Mr. T. is artful and cunning. Everything is flesh, refashioned from the shadow. This beauty of reengineering is held in a strange and wonderful light, pinkish yellow, theatrical and severe, bringing the surgically shaped faces and upper bodies into relief. It is distinctly odd.

Breasts, pectorals, designer lips and high cheekbones here are hyperbolic. The choices are self conscious, contemporary, and elective, and that is the new kind of beauty.

Styles change, different body types come into fashion. Body enhancements like tattoos, piercings, scarifications ... bulging biceps and plucked eyebrows describe our tribe. We are conscious of the overwhelming urgency to stay young. It is ironic, as this artist keenly demonstrates that smooth skin and seemingly toned muscles look artificial, and, in fact, unreal and not at all youthful,

This new kind of beauty is a collision of choices.

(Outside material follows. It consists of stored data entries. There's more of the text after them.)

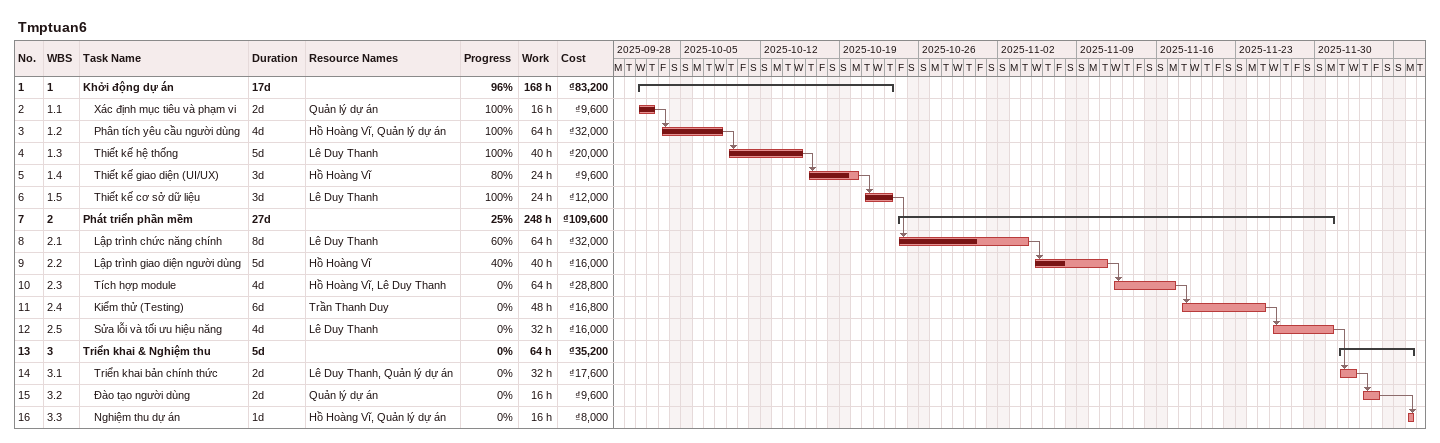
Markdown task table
Tmptuan6

| ID | WBS | Task | Duration | Start | Finish | Predecessors | Resources | % complete | Work (h) | Cost (₫) |
|---|---|---|---|---|---|---|---|---|---|---|
| 1 | 1 | **Khởi động dự án** | 17d | 2025-10-01 | 2025-10-23 |  |  | 96 | 168 | 83200 |
| 2 | 1.1 | Xác định mục tiêu và phạm vi | 2d | 2025-10-01 | 2025-10-02 |  | Quản lý dự án | 100 | 16 | 9600 |
| 3 | 1.2 | Phân tích yêu cầu người dùng | 4d | 2025-10-03 | 2025-10-08 | 2 | Hồ Hoàng Vĩ, Quản lý dự án | 100 | 64 | 32000 |
| 4 | 1.3 | Thiết kế hệ thống | 5d | 2025-10-09 | 2025-10-15 | 3 | Lê Duy Thanh | 100 | 40 | 20000 |
| 5 | 1.4 | Thiết kế giao diện (UI/UX) | 3d | 2025-10-16 | 2025-10-20 | 4 | Hồ Hoàng Vĩ | 80 | 24 | 9600 |
| 6 | 1.5 | Thiết kế cơ sở dữ liệu | 3d | 2025-10-21 | 2025-10-23 | 5 | Lê Duy Thanh | 100 | 24 | 12000 |
| 7 | 2 | **Phát triển phần mềm** | 27d | 2025-10-24 | 2025-12-01 |  |  | 25 | 248 | 109600 |
| 8 | 2.1 | Lập trình chức năng chính | 8d | 2025-10-24 | 2025-11-04 | 6 | Lê Duy Thanh | 60 | 64 | 32000 |
| 9 | 2.2 | Lập trình giao diện người dùng | 5d | 2025-11-05 | 2025-11-11 | 8 | Hồ Hoàng Vĩ | 40 | 40 | 16000 |
| 10 | 2.3 | Tích hợp module | 4d | 2025-11-12 | 2025-11-17 | 9 | Hồ Hoàng Vĩ, Lê Duy Thanh | 0 | 64 | 28800 |
| 11 | 2.4 | Kiểm thử (Testing) | 6d | 2025-11-18 | 2025-11-25 | 10 | Trần Thanh Duy | 0 | 48 | 16800 |
| 12 | 2.5 | Sửa lỗi và tối ưu hiệu năng | 4d | 2025-11-26 | 2025-12-01 | 11 | Lê Duy Thanh | 0 | 32 | 16000 |
| 13 | 3 | **Triển khai & Nghiệm thu** | 5d | 2025-12-02 | 2025-12-08 |  |  | 0 | 64 | 35200 |
| 14 | 3.1 | Triển khai bản chính thức | 2d | 2025-12-02 | 2025-12-03 | 12 | Lê Duy Thanh, Quản lý dự án | 0 | 32 | 17600 |
| 15 | 3.2 | Đào tạo người dùng | 2d | 2025-12-04 | 2025-12-05 | 14 | Quản lý dự án | 0 | 16 | 9600 |
| 16 | 3.3 | Nghiệm thu dự án | 1d | 2025-12-08 | 2025-12-08 | 15 | Hồ Hoàng Vĩ, Quản lý dự án | 0 | 16 | 8000 |
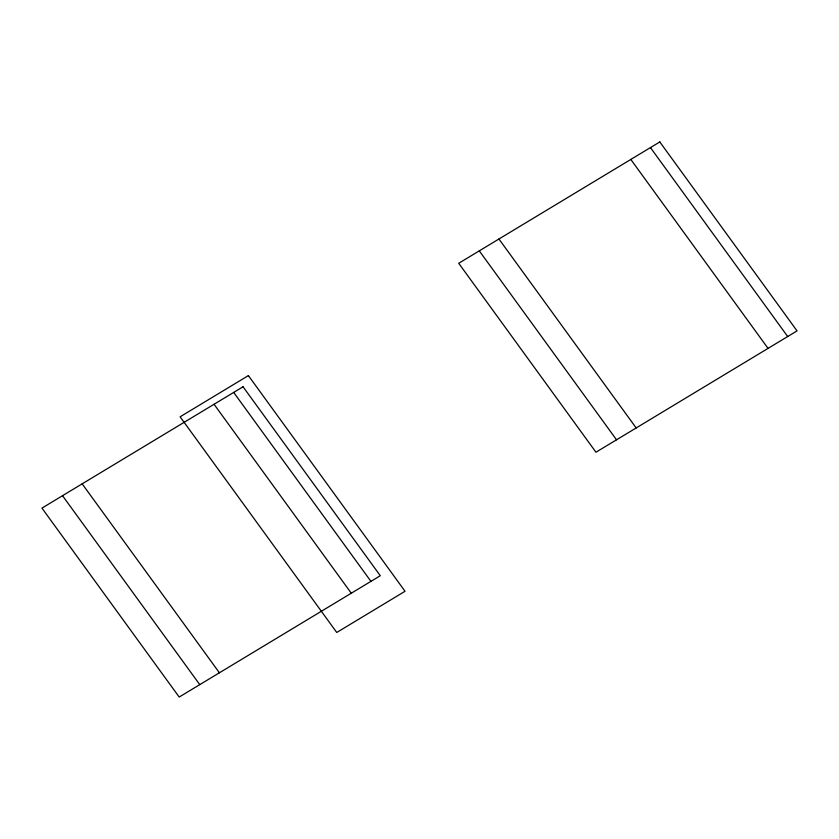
<?xml version="1.0" encoding="UTF-8"?>
<svg xmlns="http://www.w3.org/2000/svg" width="839" height="839" viewBox="0 0 839 839"><rect width="100%" height="100%" fill="white"/><g stroke="black" fill="none" stroke-linecap="round" stroke-linejoin="round"><path stroke-width="1.26" d="M650.456 147.591L787.695 336.533M630.813 159.441L768.052 348.384M498.932 239.01L636.172 427.953M479.289 250.861L616.529 439.804M233.693 392.421L370.932 581.364M214.05 404.272L351.289 593.215M82.17 483.841L219.409 672.794M62.526 495.692L199.766 684.645M248.386 375.599L180.102 416.805L336.754 632.47L405.038 591.275L248.386 375.599M243.048 386.779L41.95 508.109L179.189 697.052L380.287 575.722L243.048 386.779M659.811 141.948L458.713 263.278L595.952 452.221L797.05 330.891L659.811 141.948"/></g></svg>

The most memorable presence and potentially iconic image is Dina with her pillowy lips and important breasts. Such emphatic signifiers of female sexuality are astonishing to behold, full of her outrage and outrageousness.

She, like most of the others, stares us down. The gaze has some diffidence or conventionally pleasant affect. There is no tease, no sense of sensuality. There is also no heat or coolness, no sadness, which might be expected, or happiness either. There is wistfulness, however, an enigmatic but lovely touch. Tiana is particularly poignant, albeit in an old fashioned way.

These portraits will find their own place into the history of Art, into that continuum, with these as the Venuses of Hottentot of today. These are a Cubing of Nature, the ultimate non-traditional Academy studies with some Caravaggio or Velasquez in there too.  

This is new, and, yes, kind of beautiful.

*1 From the artist’s introduction to “A New Kind of Beauty” (Dewi Lewis Publishing 2011). 

This writing has been adapted from an essay commissioned for “A New Kind of Beauty” (Dewi Lewis Publishing 2011) that included the suggestion that Hunt thinks Buck Angel is probably  important.